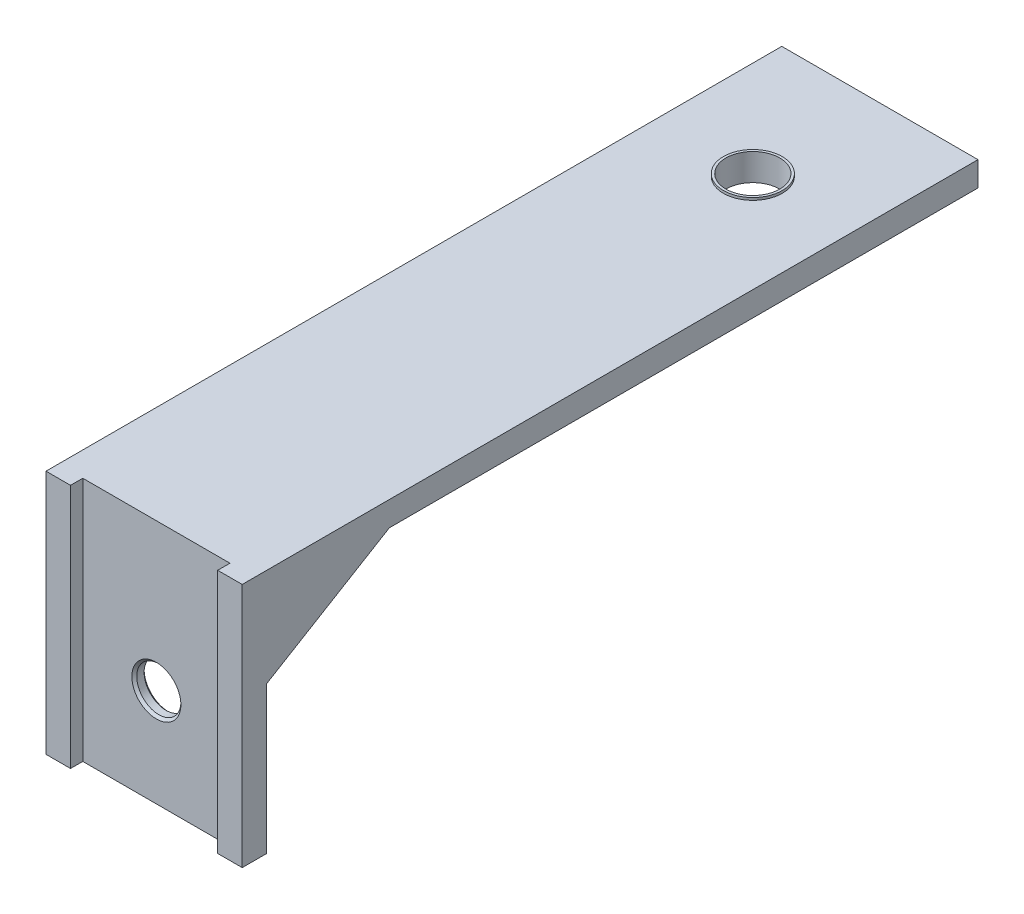
from build123d import *

# Parameters (mm, degrees)
DODANIE_WYCI_GNI_CIE1_DEPTH = 40
SZKIC2_W                    = 30
SZKIC2_H                    = 2.5
WYTNIJ_WYCI_GNI_CIE1_DEPTH  = 164.095064303
EBRO3_START                 = -5
EBRO3_DEPTH                 = 5
SZKIC4_R                    = 4.5
WYTNIJ_WYCI_GNI_CIE2_DEPTH  = 10
SFAZOWANIE1_SIZE            = 0.5
WYTNIJ_WYCI_GNI_CIE3_DEPTH  = 10
DODANIE_WYCI_GNI_CIE2_START = 0.5
SZKIC6_R                    = 6
SZKIC6_R_2                  = 5.5
DODANIE_WYCI_GNI_CIE2_DEPTH = 0.5


# Read off the part's stored shape, not the designer's step: Żebro3
with BuildPart() as part:
    # Szkic1 → Dodanie-wyciągnięcie1 (new body)
    with BuildSketch(Plane(origin=(0, 0, 0), x_dir=(0, 0, -1), z_dir=(1, 0, 0))):
        Polygon((0, 0), (0, 50), (150, 50), (150, 45), (5, 45), (5, 0), align=None)
    extrude(amount=DODANIE_WYCI_GNI_CIE1_DEPTH)

    # Szkic2 → Wytnij-wyciągnięcie1 (cut, through all)
    with BuildSketch(Plane(origin=(0, 50, 0), x_dir=(1, 0, 0), z_dir=(0, 1, 0))):
        with Locations((20, 1.25)):
            Rectangle(SZKIC2_W, SZKIC2_H)
    extrude(amount=-WYTNIJ_WYCI_GNI_CIE1_DEPTH, mode=Mode.SUBTRACT)

    # Żebro3 outline → Żebro3 (add)
    with BuildSketch(Plane(origin=(40, 0, 0), x_dir=(0, 0, -1), z_dir=(1, 0, 0)).offset(EBRO3_START)):
        Polygon((5, 30), (30, 45), (5, 45), align=None)
    ebro3 = extrude(amount=EBRO3_DEPTH)

    # Lustro1: Żebro3 across plane
    add(ebro3.mirror(Plane(origin=(20, 0, 0), x_dir=(0, 0, 1), z_dir=(1, 0, 0))))

    # Szkic4 → Wytnij-wyciągnięcie2 (cut)
    with BuildSketch(Plane(origin=(0, 0, -5), x_dir=(-1, 0, 0), z_dir=(0, 0, -1))):
        with Locations((-20, 20)):
            Circle(SZKIC4_R)
    extrude(amount=-WYTNIJ_WYCI_GNI_CIE2_DEPTH, mode=Mode.SUBTRACT)

    # Sfazowanie1
    sfazowanie1_edges = [part.edges().sort_by_distance(p)[0] for p in [
        (24.5, 20, -2.5),
        (24.5, 20, -5),
    ]]
    chamfer(sfazowanie1_edges, length=SFAZOWANIE1_SIZE)

    # Szkic5 → Wytnij-wyciągnięcie3 (cut)
    with BuildSketch(Plane(origin=(0, 50, 0), x_dir=(1, 0, 0), z_dir=(0, 1, 0))):
        with BuildLine():
            ThreePointArc((20, 129.597336258), (14.5, 124.097336258), (20, 118.597336258))
            Line((20, 118.597336258), (20, 129.597336258))
        make_face()
        with BuildLine():
            Line((20, 129.597336258), (20, 118.597336258))
            ThreePointArc((20, 118.597336258), (23.889087297, 120.208248962), (25.5, 124.097336258))
            ThreePointArc((25.5, 124.097336258), (23.889087297, 127.986423555), (20, 129.597336258))
        make_face()
    extrude(amount=-WYTNIJ_WYCI_GNI_CIE3_DEPTH, mode=Mode.SUBTRACT)

    # Szkic6 → Dodanie-wyciągnięcie2 (add)
    with BuildSketch(Plane(origin=(0, 50, 0), x_dir=(1, 0, 0), z_dir=(0, 1, 0)).offset(DODANIE_WYCI_GNI_CIE2_START)):
        with Locations(Location((20, 124.097336258, 0), (0, 0, 270))):
            Circle(SZKIC6_R)
        with Locations(Location((20, 124.097336258, 0), (0, 0, 270))):
            Circle(SZKIC6_R_2, mode=Mode.SUBTRACT)
    extrude(amount=-DODANIE_WYCI_GNI_CIE2_DEPTH)


solid = part.part
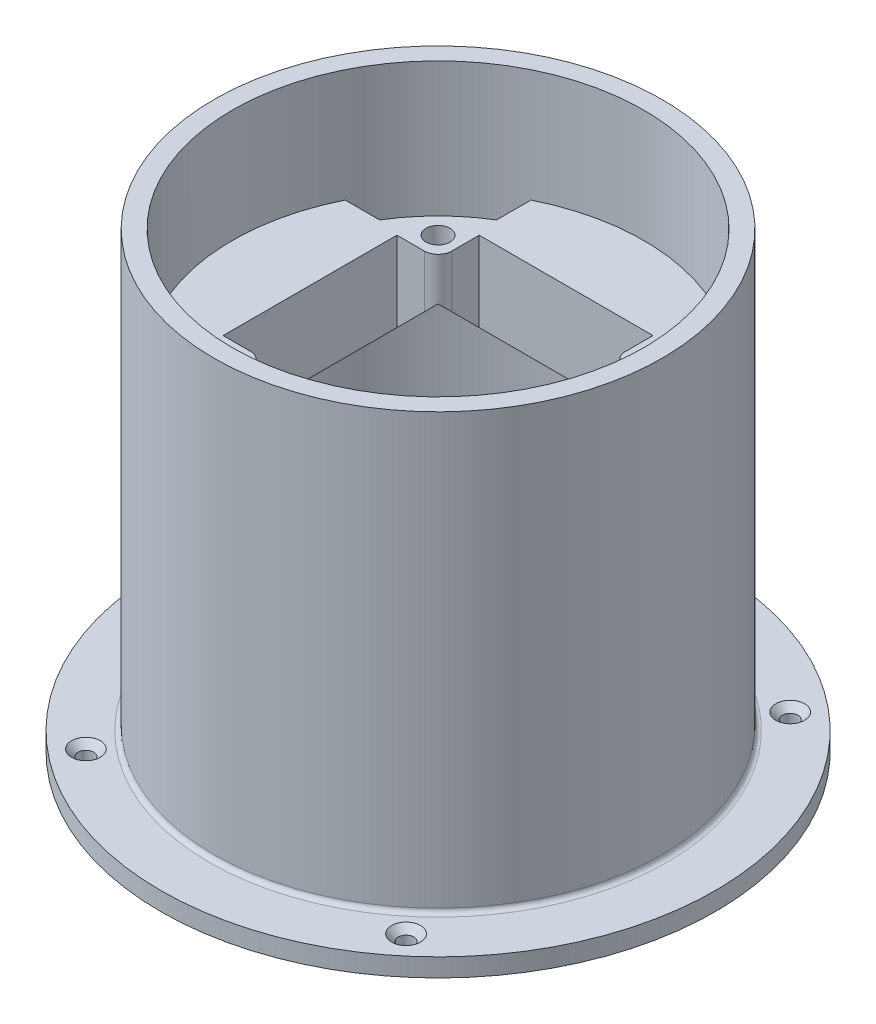
from build123d import *

# Parameters (mm, degrees)
SKETCH1_R                                           = 60.625
SKETCH1_R_2                                         = 45
BOSS_EXTRUDE4_DEPTH                                 = 4
SKETCH5_R                                           = 49
SKETCH5_R_2                                         = 45
BOSS_EXTRUDE7_DEPTH                                 = 95
CSK_FOR_M3_COUNTERSUNK_FLAT_HEAD_SCREW1_D           = 3.4
CSK_FOR_M3_COUNTERSUNK_FLAT_HEAD_SCREW1_DEPTH       = 4
CSK_FOR_M3_COUNTERSUNK_FLAT_HEAD_SCREW1_CSINK_D     = 6.3
CSK_FOR_M3_COUNTERSUNK_FLAT_HEAD_SCREW1_CSINK_ANGLE = 90
CSK_FOR_M3_COUNTERSUNK_FLAT_HEAD_SCREW1_TIP         = 1.021463052
FILLET1_R                                           = 1
BOSS_EXTRUDE8_DEPTH                                 = 20
CIRPATTERN1_COUNT                                   = 2
CIRPATTERN1_ANGLE                                   = 90
SKETCH17_R                                          = 38.4
BOSS_EXTRUDE11_DEPTH                                = 8
SKETCH17_5_R                                        = 2.625
CUT_EXTRUDE2_DEPTH                                  = 114.451625154
FILLET2_R                                           = 3
CUT_EXTRUDE3_START                                  = -80
SKETCH18_R                                          = 57.887478947
SKETCH18_R_2                                        = 49
CUT_EXTRUDE3_DEPTH                                  = 80


with BuildPart() as part:
    # Sketch1 → Boss-Extrude4 (new body)
    with BuildSketch(Plane(origin=(0, 0, 0), x_dir=(1, 0, 0), z_dir=(0, 1, 0))):
        Circle(SKETCH1_R)
        Circle(SKETCH1_R_2, mode=Mode.SUBTRACT)
    extrude(amount=BOSS_EXTRUDE4_DEPTH)

    # Sketch5 → Boss-Extrude7 (add)
    with BuildSketch(Plane(origin=(0, 4, 0), x_dir=(1, 0, 0), z_dir=(0, 1, 0))):
        Circle(SKETCH5_R)
        Circle(SKETCH5_R_2, mode=Mode.SUBTRACT)
    extrude(amount=BOSS_EXTRUDE7_DEPTH)

    # CSK for M3 Countersunk Flat Head Screw1
    with Locations(Plane(origin=(0, 4, 0), x_dir=(1, 0, 0), z_dir=(0, 1, 0))):
        with Locations((-35, 42), (35, 42), (35, -42), (-35, -42)):
            CounterSinkHole(CSK_FOR_M3_COUNTERSUNK_FLAT_HEAD_SCREW1_D / 2, CSK_FOR_M3_COUNTERSUNK_FLAT_HEAD_SCREW1_CSINK_D / 2, depth=CSK_FOR_M3_COUNTERSUNK_FLAT_HEAD_SCREW1_DEPTH, counter_sink_angle=CSK_FOR_M3_COUNTERSUNK_FLAT_HEAD_SCREW1_CSINK_ANGLE)
            with Locations((0, 0, -(CSK_FOR_M3_COUNTERSUNK_FLAT_HEAD_SCREW1_DEPTH + CSK_FOR_M3_COUNTERSUNK_FLAT_HEAD_SCREW1_TIP / 2))):  # 118° drill point
                Cone(0, CSK_FOR_M3_COUNTERSUNK_FLAT_HEAD_SCREW1_D / 2, CSK_FOR_M3_COUNTERSUNK_FLAT_HEAD_SCREW1_TIP, mode=Mode.SUBTRACT)

    # Fillet1
    fillet1_edges = [part.edges().sort_by_distance(p)[0] for p in [
        (-49, 4, 0),
    ]]
    fillet(fillet1_edges, radius=FILLET1_R)

    # Sketch8 → Boss-Extrude8 (add, symmetric)
    with BuildSketch(Plane(origin=(0, 0, 0), x_dir=(0, 0, -1), z_dir=(1, 0, 0))):
        Polygon((-47.5, 74.3), (-47.5, 66.3), (-45, 66.3), (-45, 39.8), (-18.5, 66.3), (-18.5, 74.3), align=None)
        Polygon((45, 39.8), (45, 66.3), (47.5, 66.3), (47.5, 74.3), (18.5, 74.3), (18.5, 66.3), align=None)
    boss_extrude8 = extrude(amount=BOSS_EXTRUDE8_DEPTH, both=True)

    # CirPattern1: Boss-Extrude8 ×2 about axis
    cirpattern1_axis = Axis((0, 99, 0), (0, 1, 0))
    for i in range(1, CIRPATTERN1_COUNT):
        add(boss_extrude8.rotate(cirpattern1_axis, i * CIRPATTERN1_ANGLE / (CIRPATTERN1_COUNT - 1)))

    # Sketch17 → Boss-Extrude11 (add)
    with BuildSketch(Plane(origin=(0, 74.3, 0), x_dir=(1, 0, 0), z_dir=(0, 1, 0))):
        Circle(SKETCH17_R)
        Polygon((-19, -19), (-19, -28), (19, -28), (19, -19), (28, -19), (28, 19), (19, 19), (19, 28), (-19, 28), (-19, 19), (-28, 19), (-28, -19), align=None, mode=Mode.SUBTRACT)
    extrude(amount=-BOSS_EXTRUDE11_DEPTH)

    # Sketch17<5> → Cut-Extrude2 (cut, through all)
    with BuildSketch(Plane(origin=(0, 74.3, 0), x_dir=(1, 0, 0), z_dir=(0, 1, 0))):
        with Locations((-23.5, 23.5)):
            Circle(SKETCH17_5_R)
        with Locations((23.5, 23.5)):
            Circle(SKETCH17_5_R)
        with Locations((23.5, -23.5)):
            Circle(SKETCH17_5_R)
        with Locations((-23.5, -23.5)):
            Circle(SKETCH17_5_R)
        Polygon((-19, -19), (-19, -28), (19, -28), (19, -19), (28, -19), (28, 19), (19, 19), (19, 28), (-19, 28), (-19, 19), (-28, 19), (-28, -19), align=None)
    extrude(amount=-CUT_EXTRUDE2_DEPTH, mode=Mode.SUBTRACT)

    # Fillet2
    fillet2_edges = [part.edges().sort_by_distance(p)[0] for p in [
        (19, 70.05, 19),
        (19, 70.05, -19),
        (-19, 70.05, 19),
        (-19, 70.05, -19),
    ]]
    fillet(fillet2_edges, radius=FILLET2_R)

    # Sketch18 → Cut-Extrude3 (cut)
    with BuildSketch(Plane(origin=(0, 99, 0), x_dir=(1, 0, 0), z_dir=(0, 1, 0)).offset(CUT_EXTRUDE3_START)):
        Circle(SKETCH18_R)
        Circle(SKETCH18_R_2, mode=Mode.SUBTRACT)
    extrude(amount=CUT_EXTRUDE3_DEPTH, mode=Mode.SUBTRACT)


solid = part.part
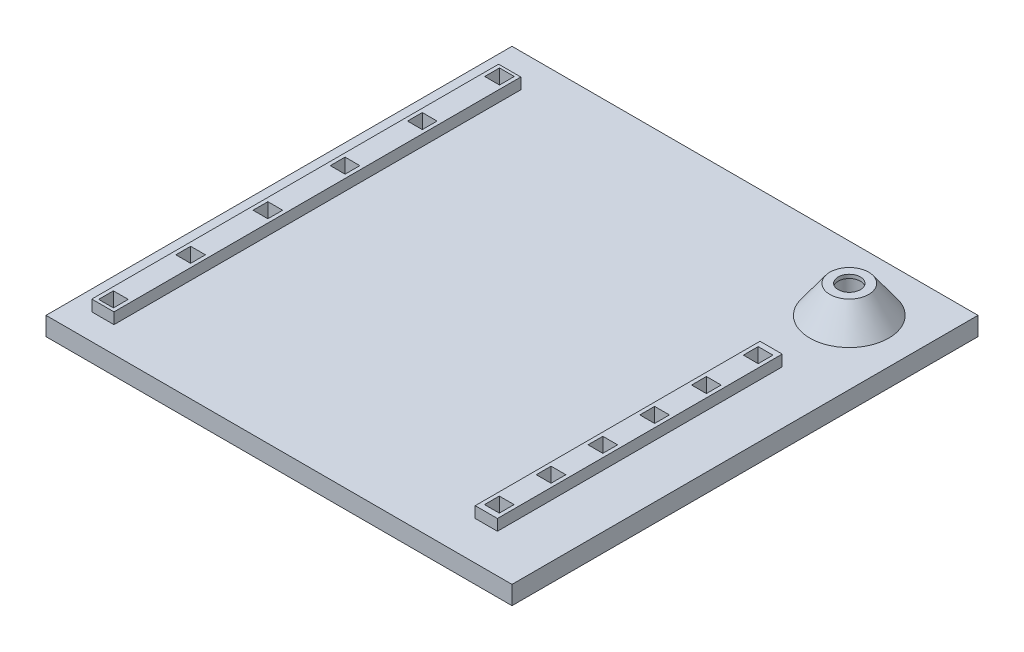
from build123d import *

# Parameters (mm, degrees)
SKETCH1_W           = 126
SKETCH1_H           = 126
BOSS_EXTRUDE1_DEPTH = 5
SKETCH3_R           = 12.5
BOSS_EXTRUDE2_DEPTH = 7.5
SKETCH4_R           = 3.45
CUT_EXTRUDE1_DEPTH  = 11.5
SKETCH6_R           = 3
CUT_EXTRUDE2_DEPTH  = 179.628805068
CHAMFER1_SIZE       = 10
CHAMFER1_SIZE_2     = 7.26542528
SKETCH9_W           = 6
SKETCH9_H           = 77
BOSS_EXTRUDE4_DEPTH = 3
SKETCH10_W          = 4
SKETCH10_H          = 4
CUT_EXTRUDE4_DEPTH  = 179.370401132
SKETCH11_W          = 6
SKETCH11_H          = 110
BOSS_EXTRUDE5_DEPTH = 3
SKETCH12_W          = 4
SKETCH12_H          = 4
CUT_EXTRUDE5_DEPTH  = 179.370401132


with BuildPart() as part:
    # Sketch1 → Boss-Extrude1 (new body)
    with BuildSketch(Plane(origin=(0, 0, 0), x_dir=(1, 0, 0), z_dir=(0, 1, 0))):
        with Locations((63, 63)):
            Rectangle(SKETCH1_W, SKETCH1_H)
    extrude(amount=BOSS_EXTRUDE1_DEPTH)

    # Sketch3 → Boss-Extrude2 (add)
    with BuildSketch(Plane(origin=(0, 5, 0), x_dir=(1, 0, 0), z_dir=(0, 1, 0))):
        with Locations(Location((108.6, 108.6, 0), (0, 0, 90))):
            Circle(SKETCH3_R)
    extrude(amount=BOSS_EXTRUDE2_DEPTH)

    # Sketch4 → Cut-Extrude1 (cut)
    with BuildSketch(Plane.XZ):
        with Locations(Location((108.6, -108.6, 0), (0, 0, 270))):
            Circle(SKETCH4_R)
    extrude(amount=-CUT_EXTRUDE1_DEPTH, mode=Mode.SUBTRACT)

    # Sketch6 → Cut-Extrude2 (cut, through all)
    with BuildSketch(Plane(origin=(0, 12.5, 0), x_dir=(1, 0, 0), z_dir=(0, 1, 0))):
        with Locations(Location((108.6, 108.6, 0), (0, 0, 270))):
            Circle(SKETCH6_R)
    extrude(amount=-CUT_EXTRUDE2_DEPTH, mode=Mode.SUBTRACT)

    # Chamfer1
    # the kernel refuses this chamfer: 10, 7.26542528 mm, written as the material it takes off along each edge
    with BuildSketch(Plane(origin=(108.6, 12.5, -108.6), x_dir=(0, 0, -1), z_dir=(1, 0, 0))) as chamfer1_piece_1_section:
        Polygon((12.5, -CHAMFER1_SIZE), (12.5 - CHAMFER1_SIZE_2, 0), (12.5, 0), align=None)
    chamfer1_piece_1 = revolve(axis=Axis((108.6, 12.5, -108.6), (0, 1, 0)), mode=Mode.PRIVATE)
    chamfer1_piece_1 = split(chamfer1_piece_1, bisect_by=Plane(origin=(108.6, 5, -100.650989912), z_dir=(0, 1, 0)), keep=Keep.TOP, mode=Mode.PRIVATE)
    add(chamfer1_piece_1, mode=Mode.SUBTRACT)

    # Sketch9 → Boss-Extrude4 (add)
    with BuildSketch(Plane(origin=(0, 5, 0), x_dir=(1, 0, 0), z_dir=(0, 1, 0))):
        with Locations((108.6, 48.95817816)):
            Rectangle(SKETCH9_W, SKETCH9_H)
    extrude(amount=BOSS_EXTRUDE4_DEPTH)

    # Sketch10 → Cut-Extrude4 (cut, through all)
    with BuildSketch(Plane(origin=(0, 8, 0), x_dir=(1, 0, 0), z_dir=(0, 1, 0))):
        with Locations((108.6, 83.95817816)):
            Rectangle(SKETCH10_W, SKETCH10_H)
        with Locations((108.6, 69.958932274)):
            Rectangle(SKETCH10_W, SKETCH10_H)
        with Locations((108.6, 55.959686388)):
            Rectangle(SKETCH10_W, SKETCH10_H)
        with Locations((108.6, 41.960440502)):
            Rectangle(SKETCH10_W, SKETCH10_H)
        with Locations((108.6, 27.961194616)):
            Rectangle(SKETCH10_W, SKETCH10_H)
        with Locations((108.6, 13.96194873)):
            Rectangle(SKETCH10_W, SKETCH10_H)
    extrude(amount=-CUT_EXTRUDE4_DEPTH, mode=Mode.SUBTRACT)

    # Sketch11 → Boss-Extrude5 (add)
    with BuildSketch(Plane(origin=(0, 5, 0), x_dir=(1, 0, 0), z_dir=(0, 1, 0))):
        with Locations((8.381061813, 62)):
            Rectangle(SKETCH11_W, SKETCH11_H)
    extrude(amount=BOSS_EXTRUDE5_DEPTH)

    # Sketch12 → Cut-Extrude5 (cut, through all)
    with BuildSketch(Plane(origin=(0, 8, 0), x_dir=(1, 0, 0), z_dir=(0, 1, 0))):
        with Locations((8.381061813, 114.236582212)):
            Rectangle(SKETCH12_W, SKETCH12_H)
        with Locations((8.381061813, 93.358892092)):
            Rectangle(SKETCH12_W, SKETCH12_H)
        with Locations((8.381061813, 72.481201972)):
            Rectangle(SKETCH12_W, SKETCH12_H)
        with Locations((8.381061813, 51.603511852)):
            Rectangle(SKETCH12_W, SKETCH12_H)
        with Locations((8.381061813, 30.725821731)):
            Rectangle(SKETCH12_W, SKETCH12_H)
        with Locations((8.381061813, 9.848131611)):
            Rectangle(SKETCH12_W, SKETCH12_H)
    extrude(amount=-CUT_EXTRUDE5_DEPTH, mode=Mode.SUBTRACT)


solid = part.part

------------------------------------------------------------------------

Each line in the data that holds the word "through" must be copied.

## EXERCISE RESULT
    # Szkic2 → Wytnij-wyciągnięcie1 (cut, through all)
    # Sketch17<5> → Cut-Extrude2 (cut, through all)
    # Sketch6 → Cut-Extrude2 (cut, through all)
    # Sketch10 → Cut-Extrude4 (cut, through all)
    # Sketch12 → Cut-Extrude5 (cut, through all)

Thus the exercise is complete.